UNITED STATES
SECURITIES AND EXCHANGE COMMISSION
Washington, D.C. 20549
FORM 8-K
CURRENT REPORT
Pursuant to Section 13 OR 15(d) of The Securities Exchange Act of 1934
Date of Report (Date of earliest event reported): May 13, 2021
RESHAPE LIFESCIENCES INC.
(Exact name of registrant as specified in its charter)
Delaware | 1-33818 | 48-1293684 | ||
(State or other jurisdiction of incorporation) | (Commission File Number) | (IRS Employer Identification No.) | ||
| | | ||
1001 Calle Amanecer San Clemente, CA | 92673 | |||
(Address of principal executive offices) | (Zip Code) |
(949) 429-6680
(Registrant’s telephone number, including area code)
Not applicable
(Former name or former address, if changed since last report.)
Check the appropriate box below if the Form 8-K filing is intended to simultaneously satisfy the filing obligation of the registrant under any of the following provisions:
o Written communications pursuant to Rule 425 under the Securities Act (17 CFR 230.425)
o Soliciting material pursuant to Rule 14a-12 under the Exchange Act (17 CFR 240.14a-12)
o Pre-commencement communications pursuant to Rule 14d-2(b) under the Exchange Act (17 CFR 240.14d-2(b))
o Pre-commencement communications pursuant to Rule 13e-4(c) under the Exchange Act (17 CFR 240.13e-4(c))
Securities registered pursuant to Section 12(b) of the Act:
Title of each class | Trading Symbol(s) | Name of each exchange on which registered |
Common stock, $0.001 par value per share | RSLS | OTCQB Market |
Indicate by check mark whether the registrant is an emerging growth company as defined in Rule 405 of the Securities Act of 1933 (§230.405 of this chapter) or Rule 12b-2 of the Securities Exchange Act of 1934 (§240.12b-2 of this chapter).
Emerging growth company o
If an emerging growth company, indicate by check mark if the registrant has elected not to use the extended transition period for complying with any new or revised financial accounting standards provided pursuant to Section 13(a) of the Exchange Act. o
Item 5.07. Submission of Matters to a Vote of Security Holders.

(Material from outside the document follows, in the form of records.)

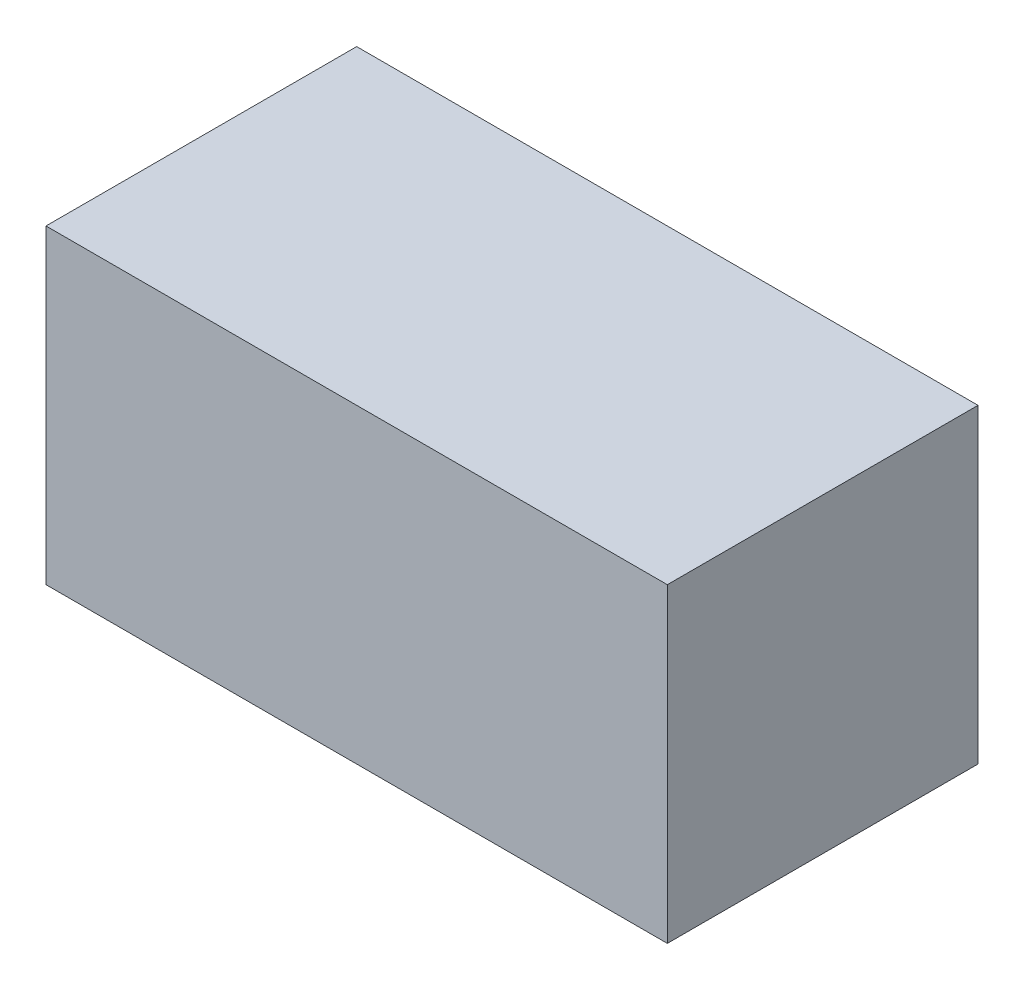
ISO-10303-21;
HEADER;
FILE_DESCRIPTION(('STEP AP214'),'2;1');
FILE_NAME('part.step','',(''),(''),'','','');
FILE_SCHEMA(('AUTOMOTIVE_DESIGN { 1 0 10303 214 1 1 1 1 }'));
ENDSEC;
DATA;
#1=APPLICATION_CONTEXT('core data for automotive mechanical design processes');
#2=APPLICATION_PROTOCOL_DEFINITION('international standard','automotive_design',2000,#1);
#3=PRODUCT_CONTEXT('',#1,'mechanical');
#4=PRODUCT('Part','Part','',(#3));
#5=PRODUCT_RELATED_PRODUCT_CATEGORY('part','',(#4));
#6=PRODUCT_DEFINITION_FORMATION('','',#4);
#7=PRODUCT_DEFINITION_CONTEXT('part definition',#1,'design');
#8=PRODUCT_DEFINITION('design','',#6,#7);
#9=PRODUCT_DEFINITION_SHAPE('','',#8);
#10=(LENGTH_UNIT() NAMED_UNIT(*) SI_UNIT(.MILLI.,.METRE.));
#11=(NAMED_UNIT(*) PLANE_ANGLE_UNIT() SI_UNIT($,.RADIAN.));
#12=(NAMED_UNIT(*) SI_UNIT($,.STERADIAN.) SOLID_ANGLE_UNIT());
#13=UNCERTAINTY_MEASURE_WITH_UNIT(LENGTH_MEASURE(1.E-05),#10,'distance_accuracy_value','');
#14=(GEOMETRIC_REPRESENTATION_CONTEXT(3) GLOBAL_UNCERTAINTY_ASSIGNED_CONTEXT((#13)) GLOBAL_UNIT_ASSIGNED_CONTEXT((#10,
#11,#12)) REPRESENTATION_CONTEXT('',''));
#15=CARTESIAN_POINT('',(0.,0.,0.));
#16=DIRECTION('',(0.,0.,1.));
#17=DIRECTION('',(1.,0.,0.));
#18=AXIS2_PLACEMENT_3D('',#15,#16,#17);
#19=CARTESIAN_POINT('',(0.,20.,10.));
#20=DIRECTION('',(1.,0.,0.));
#21=DIRECTION('',(0.,0.,-1.));
#22=AXIS2_PLACEMENT_3D('',#19,#20,#21);
#23=PLANE('',#22);
#24=DIRECTION('',(0.,-1.,0.));
#25=VECTOR('',#24,1.);
#26=CARTESIAN_POINT('',(0.,20.,-10.));
#27=LINE('',#26,#25);
#28=CARTESIAN_POINT('',(0.,20.,-10.));
#29=VERTEX_POINT('',#28);
#30=CARTESIAN_POINT('',(0.,0.,-10.));
#31=VERTEX_POINT('',#30);
#32=EDGE_CURVE('E104',#29,#31,#27,.T.);
#33=ORIENTED_EDGE('',*,*,#32,.T.);
#34=DIRECTION('',(0.,0.,-1.));
#35=VECTOR('',#34,1.);
#36=CARTESIAN_POINT('',(0.,0.,10.));
#37=LINE('',#36,#35);
#38=CARTESIAN_POINT('',(0.,0.,10.));
#39=VERTEX_POINT('',#38);
#40=EDGE_CURVE('E11',#39,#31,#37,.T.);
#41=ORIENTED_EDGE('',*,*,#40,.F.);
#42=DIRECTION('',(0.,-1.,0.));
#43=VECTOR('',#42,1.);
#44=CARTESIAN_POINT('',(0.,20.,10.));
#45=LINE('',#44,#43);
#46=CARTESIAN_POINT('',(0.,20.,10.));
#47=VERTEX_POINT('',#46);
#48=EDGE_CURVE('E92',#47,#39,#45,.T.);
#49=ORIENTED_EDGE('',*,*,#48,.F.);
#50=DIRECTION('',(0.,0.,-1.));
#51=VECTOR('',#50,1.);
#52=CARTESIAN_POINT('',(0.,20.,10.));
#53=LINE('',#52,#51);
#54=EDGE_CURVE('E100',#47,#29,#53,.T.);
#55=ORIENTED_EDGE('',*,*,#54,.T.);
#56=EDGE_LOOP('',(#33,#41,#49,#55));
#57=FACE_BOUND('',#56,.T.);
#58=ADVANCED_FACE('F41',(#57),#23,.F.);
#59=CARTESIAN_POINT('',(0.,0.,10.));
#60=DIRECTION('',(0.,1.,0.));
#61=DIRECTION('',(0.,0.,1.));
#62=AXIS2_PLACEMENT_3D('',#59,#60,#61);
#63=PLANE('',#62);
#64=DIRECTION('',(1.,0.,0.));
#65=VECTOR('',#64,1.);
#66=CARTESIAN_POINT('',(0.,0.,-10.));
#67=LINE('',#66,#65);
#68=CARTESIAN_POINT('',(40.,0.,-10.));
#69=VERTEX_POINT('',#68);
#70=EDGE_CURVE('E96',#31,#69,#67,.T.);
#71=ORIENTED_EDGE('',*,*,#70,.T.);
#72=DIRECTION('',(0.,0.,-1.));
#73=VECTOR('',#72,1.);
#74=CARTESIAN_POINT('',(40.,0.,10.));
#75=LINE('',#74,#73);
#76=CARTESIAN_POINT('',(40.,0.,10.));
#77=VERTEX_POINT('',#76);
#78=EDGE_CURVE('E49',#77,#69,#75,.T.);
#79=ORIENTED_EDGE('',*,*,#78,.F.);
#80=DIRECTION('',(1.,0.,0.));
#81=VECTOR('',#80,1.);
#82=CARTESIAN_POINT('',(0.,0.,10.));
#83=LINE('',#82,#81);
#84=EDGE_CURVE('E87',#39,#77,#83,.T.);
#85=ORIENTED_EDGE('',*,*,#84,.F.);
#86=ORIENTED_EDGE('',*,*,#40,.T.);
#87=EDGE_LOOP('',(#71,#79,#85,#86));
#88=FACE_BOUND('',#87,.T.);
#89=ADVANCED_FACE('F95',(#88),#63,.F.);
#90=CARTESIAN_POINT('',(40.,0.,10.));
#91=DIRECTION('',(-1.,0.,0.));
#92=DIRECTION('',(0.,0.,1.));
#93=AXIS2_PLACEMENT_3D('',#90,#91,#92);
#94=PLANE('',#93);
#95=DIRECTION('',(0.,1.,0.));
#96=VECTOR('',#95,1.);
#97=CARTESIAN_POINT('',(40.,0.,-10.));
#98=LINE('',#97,#96);
#99=CARTESIAN_POINT('',(40.,20.,-10.));
#100=VERTEX_POINT('',#99);
#101=EDGE_CURVE('E74',#69,#100,#98,.T.);
#102=ORIENTED_EDGE('',*,*,#101,.T.);
#103=DIRECTION('',(0.,0.,-1.));
#104=VECTOR('',#103,1.);
#105=CARTESIAN_POINT('',(40.,20.,10.));
#106=LINE('',#105,#104);
#107=CARTESIAN_POINT('',(40.,20.,10.));
#108=VERTEX_POINT('',#107);
#109=EDGE_CURVE('E97',#108,#100,#106,.T.);
#110=ORIENTED_EDGE('',*,*,#109,.F.);
#111=DIRECTION('',(0.,1.,0.));
#112=VECTOR('',#111,1.);
#113=CARTESIAN_POINT('',(40.,0.,10.));
#114=LINE('',#113,#112);
#115=EDGE_CURVE('E90',#77,#108,#114,.T.);
#116=ORIENTED_EDGE('',*,*,#115,.F.);
#117=ORIENTED_EDGE('',*,*,#78,.T.);
#118=EDGE_LOOP('',(#102,#110,#116,#117));
#119=FACE_BOUND('',#118,.T.);
#120=ADVANCED_FACE('F98',(#119),#94,.F.);
#121=CARTESIAN_POINT('',(40.,20.,10.));
#122=DIRECTION('',(0.,-1.,0.));
#123=DIRECTION('',(0.,0.,-1.));
#124=AXIS2_PLACEMENT_3D('',#121,#122,#123);
#125=PLANE('',#124);
#126=DIRECTION('',(-1.,0.,0.));
#127=VECTOR('',#126,1.);
#128=CARTESIAN_POINT('',(40.,20.,-10.));
#129=LINE('',#128,#127);
#130=EDGE_CURVE('E80',#100,#29,#129,.T.);
#131=ORIENTED_EDGE('',*,*,#130,.T.);
#132=ORIENTED_EDGE('',*,*,#54,.F.);
#133=DIRECTION('',(-1.,0.,0.));
#134=VECTOR('',#133,1.);
#135=CARTESIAN_POINT('',(40.,20.,10.));
#136=LINE('',#135,#134);
#137=EDGE_CURVE('E57',#108,#47,#136,.T.);
#138=ORIENTED_EDGE('',*,*,#137,.F.);
#139=ORIENTED_EDGE('',*,*,#109,.T.);
#140=EDGE_LOOP('',(#131,#132,#138,#139));
#141=FACE_BOUND('',#140,.T.);
#142=ADVANCED_FACE('F112',(#141),#125,.F.);
#143=CARTESIAN_POINT('',(0.,0.,10.));
#144=DIRECTION('',(0.,0.,1.));
#145=DIRECTION('',(1.,0.,0.));
#146=AXIS2_PLACEMENT_3D('',#143,#144,#145);
#147=PLANE('',#146);
#148=ORIENTED_EDGE('',*,*,#48,.T.);
#149=ORIENTED_EDGE('',*,*,#84,.T.);
#150=ORIENTED_EDGE('',*,*,#115,.T.);
#151=ORIENTED_EDGE('',*,*,#137,.T.);
#152=EDGE_LOOP('',(#148,#149,#150,#151));
#153=FACE_BOUND('',#152,.T.);
#154=ADVANCED_FACE('F88',(#153),#147,.T.);
#155=CARTESIAN_POINT('',(0.,0.,-10.));
#156=DIRECTION('',(0.,0.,1.));
#157=DIRECTION('',(1.,0.,0.));
#158=AXIS2_PLACEMENT_3D('',#155,#156,#157);
#159=PLANE('',#158);
#160=CARTESIAN_POINT('',(20.,10.,-10.));
#161=DIRECTION('',(0.,0.,1.));
#162=DIRECTION('',(1.,0.,0.));
#163=AXIS2_PLACEMENT_3D('',#160,#161,#162);
#164=CIRCLE('',#163,4.);
#165=CARTESIAN_POINT('',(24.,10.,-10.));
#166=VERTEX_POINT('',#165);
#167=EDGE_CURVE('E107',#166,#166,#164,.T.);
#168=ORIENTED_EDGE('',*,*,#167,.T.);
#169=EDGE_LOOP('',(#168));
#170=FACE_BOUND('',#169,.T.);
#171=ORIENTED_EDGE('',*,*,#32,.F.);
#172=ORIENTED_EDGE('',*,*,#130,.F.);
#173=ORIENTED_EDGE('',*,*,#101,.F.);
#174=ORIENTED_EDGE('',*,*,#70,.F.);
#175=EDGE_LOOP('',(#171,#172,#173,#174));
#176=FACE_BOUND('',#175,.T.);
#177=ADVANCED_FACE('F115',(#170,#176),#159,.F.);
#178=CARTESIAN_POINT('',(20.,10.,-10.));
#179=DIRECTION('',(0.,0.,1.));
#180=DIRECTION('',(1.,0.,0.));
#181=AXIS2_PLACEMENT_3D('',#178,#179,#180);
#182=CYLINDRICAL_SURFACE('',#181,4.);
#183=ORIENTED_EDGE('',*,*,#167,.F.);
#184=EDGE_LOOP('',(#183));
#185=FACE_BOUND('',#184,.T.);
#186=CARTESIAN_POINT('',(20.,10.,0.));
#187=DIRECTION('',(0.,0.,1.));
#188=DIRECTION('',(1.,0.,0.));
#189=AXIS2_PLACEMENT_3D('',#186,#187,#188);
#190=CIRCLE('',#189,4.);
#191=CARTESIAN_POINT('',(24.,10.,0.));
#192=VERTEX_POINT('',#191);
#193=EDGE_CURVE('E118',#192,#192,#190,.T.);
#194=ORIENTED_EDGE('',*,*,#193,.T.);
#195=EDGE_LOOP('',(#194));
#196=FACE_BOUND('',#195,.T.);
#197=ADVANCED_FACE('F125',(#185,#196),#182,.F.);
#198=CARTESIAN_POINT('',(20.,10.,0.));
#199=DIRECTION('',(0.,0.,1.));
#200=DIRECTION('',(1.,0.,0.));
#201=AXIS2_PLACEMENT_3D('',#198,#199,#200);
#202=PLANE('',#201);
#203=ORIENTED_EDGE('',*,*,#193,.F.);
#204=EDGE_LOOP('',(#203));
#205=FACE_BOUND('',#204,.T.);
#206=ADVANCED_FACE('F128',(#205),#202,.F.);
#207=CLOSED_SHELL('',(#58,#89,#120,#142,#154,#177,#197,#206));
#208=MANIFOLD_SOLID_BREP('B2',#207);
#209=ADVANCED_BREP_SHAPE_REPRESENTATION('',(#18,#208),#14);
#210=SHAPE_DEFINITION_REPRESENTATION(#9,#209);
ENDSEC;
END-ISO-10303-21;

A special meeting of the stockholders of ReShape Lifesciences Inc. (“ReShape”) was held on May 13, 2021 (the “Special Meeting”). At the close of business on April 7, 2021, the record date for the Special Meeting, there were 6,166,554 shares of common stock outstanding and entitled to vote. Holders of 5,841,872 shares of common stock, representing a like number of votes, were present at the Special Meeting, either in person or by proxy. Set forth below are the voting results from the Special Meeting.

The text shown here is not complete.